# Hood Hinge Question



## joedee (Dec 13, 2012)

Hi,
Hood on my 68 GTO will not line up (too high) at the back on the passenger side. Drivers side is also high but not as bad. I tried the pushing the hood all the way up and adjusting the hinge down at the back I read about here. Did not work. If the hinges are worn could this be the problem? I don't want to buy new ones if there is something else I should try. Is there a way to check the hinges to see if they are worn? Help please.

Thank you,
Joe


----------



## bondobill (Oct 24, 2011)

Probably worn rivots. After you close the hood can you push the back down? If so, for sure your pivot points and rivets are worn. With the hinges removed there shouldn't be any movement from side to side in the pivot points
There are places that can repair them.
I found a topic somewhere on DIY repair by removing the rivets drilling out the holes some and installing a brass sleeve with stainless bolts.
I actually tried it on one of my sons 68 hood hinge, it seemed to worked rather well, never had a chance to install it on the car tho....we found a nice set on O.E.s.

Bill


----------



## joedee (Dec 13, 2012)

bondobill said:


> Probably worn rivots.
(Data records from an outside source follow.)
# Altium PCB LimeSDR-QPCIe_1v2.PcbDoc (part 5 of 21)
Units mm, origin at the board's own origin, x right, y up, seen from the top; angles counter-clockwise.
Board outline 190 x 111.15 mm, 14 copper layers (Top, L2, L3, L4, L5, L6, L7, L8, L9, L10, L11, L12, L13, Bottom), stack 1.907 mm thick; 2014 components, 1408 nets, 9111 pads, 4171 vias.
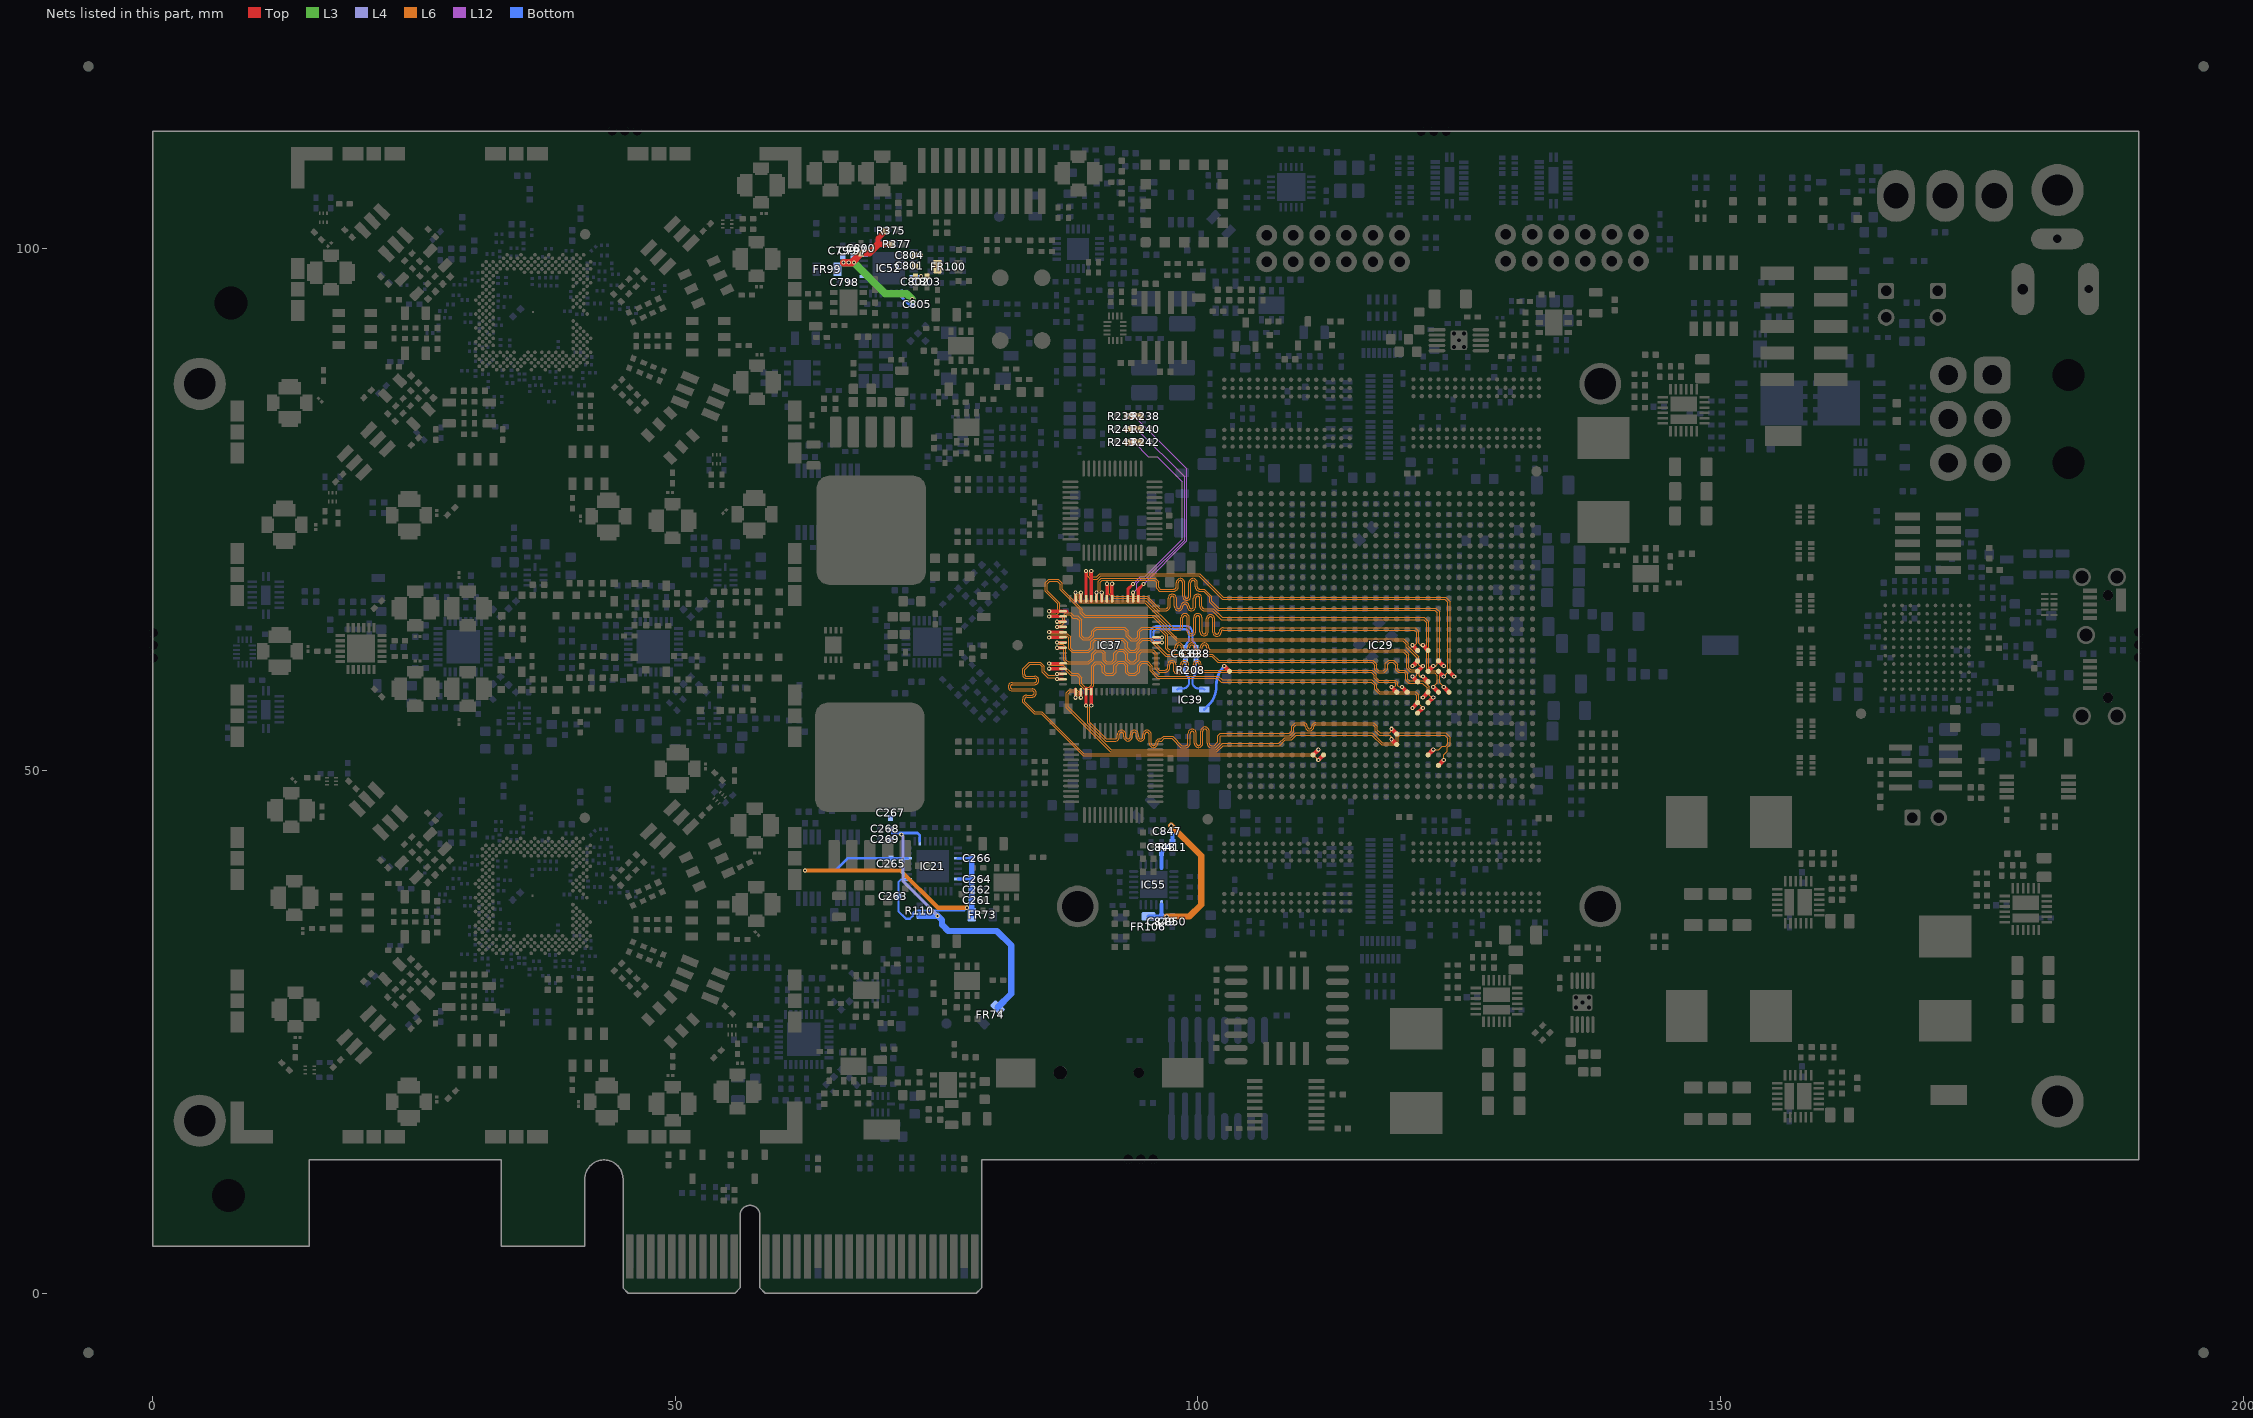
[diagram p17: the nets of this part, all layers, seen from the top]

## Footprints (in the part's own frame and the unit in brackets; to place one, negate y for a bottom-side part, rotate by r counter-clockwise, add the part's x,y. Pads: shape width x height; smd on the part's side, far side on the other; paste and mask are expansions set on the pad) (continued)
MMCX_UFL_conn_U [mm]
  rect 1.55x1 smd mask+0.05: 1(0,1.7) 2(0,-1.7)
  rect 1.2x1.2 smd mask+0.05: 1(0,1.6) 2(0,-1.6)
  rect 1.2x1.6 smd mask+0.05: 2(-1.7,0) 2(1.7,0)
  rect 1.2x2.15 smd mask+0.05: 2(-1.4,0) 2(1.4,0)
  silkscreen extent -2.3,-2.2 2.3,2.2, body extent -1.5,-1.55 1.5,1.55, height 1.25
MSOP10 [mm]
  rrect25% 1.6x0.3 smd mask+0.05: 1(0,0)
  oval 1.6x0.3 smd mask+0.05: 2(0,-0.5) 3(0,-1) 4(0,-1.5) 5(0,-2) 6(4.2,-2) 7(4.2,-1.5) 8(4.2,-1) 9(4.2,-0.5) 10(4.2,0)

After you close the hood can you push the back down? If so, for sure your pivot points and rivets are worn. With the hinges removed there shouldn't be any movement from side to side in the pivot points
> There are places that can repair them.
> I found a topic somewhere on DIY repair by removing the rivets drilling out the holes some and installing a brass sleeve with stainless bolts.
> I actually tried it on one of my sons 68 hood hinge, it seemed to worked rather well, never had a chance to install it on the car tho....we found a nice set on O.E.s.
> ...


I can push the back down but it only moves a little bit down and not enough to line up as it should. Since it only move a little does that mean the hinges are good and just not adjusted correctly? I have a friend coming over tonight to help hold the hood while I adjust it. I was doing it myself before and it is possible there is more room to go down in the back on the hinges with some help.


----------



## bondobill (Oct 24, 2011)

It could just be the adjustment. Normally if the hinges are worn you can push the hood down in the back quit a ways.
You haven't by chance recently replaced the weatherstrip on the cowl ?
Reason I ask, we had everything working and lined up perfect on my sons 68 until we installed a new weatherstrip on the cowl. 

Bill


----------



## joedee (Dec 13, 2012)

bondobill said:


> It could just be the adjustment. Normally if the hinges are worn you can push the hood down in the back quit a ways.
> You haven't by chance recently replaced the weatherstrip on the cowl ?
> Reason I ask, we had everything working and lined up perfect on my sons 68 until we installed a new weatherstrip on the cowl.
> 
> Bill


Thanks for the info Bill. Yes I did change the weatherstrip but I saw your post about that and took it off the car to see if that was my problem. It was not.
Hope it all works out good tonight. I have been working on the car for months after I got it back from paint. There is a car show this Sat that I want to go to but I keep running into problems like this. My list to finish is small but not much time left. I feel like I am on one of those car shows with a dead line to meet.
:cheers
Joe


----------



## joedee (Dec 13, 2012)

Got it all fixed. Friend came over and with his help a good push up on the hood with the bolts loose we were able to tip the hinges down in the back and it closes like it should now.

Joe


----------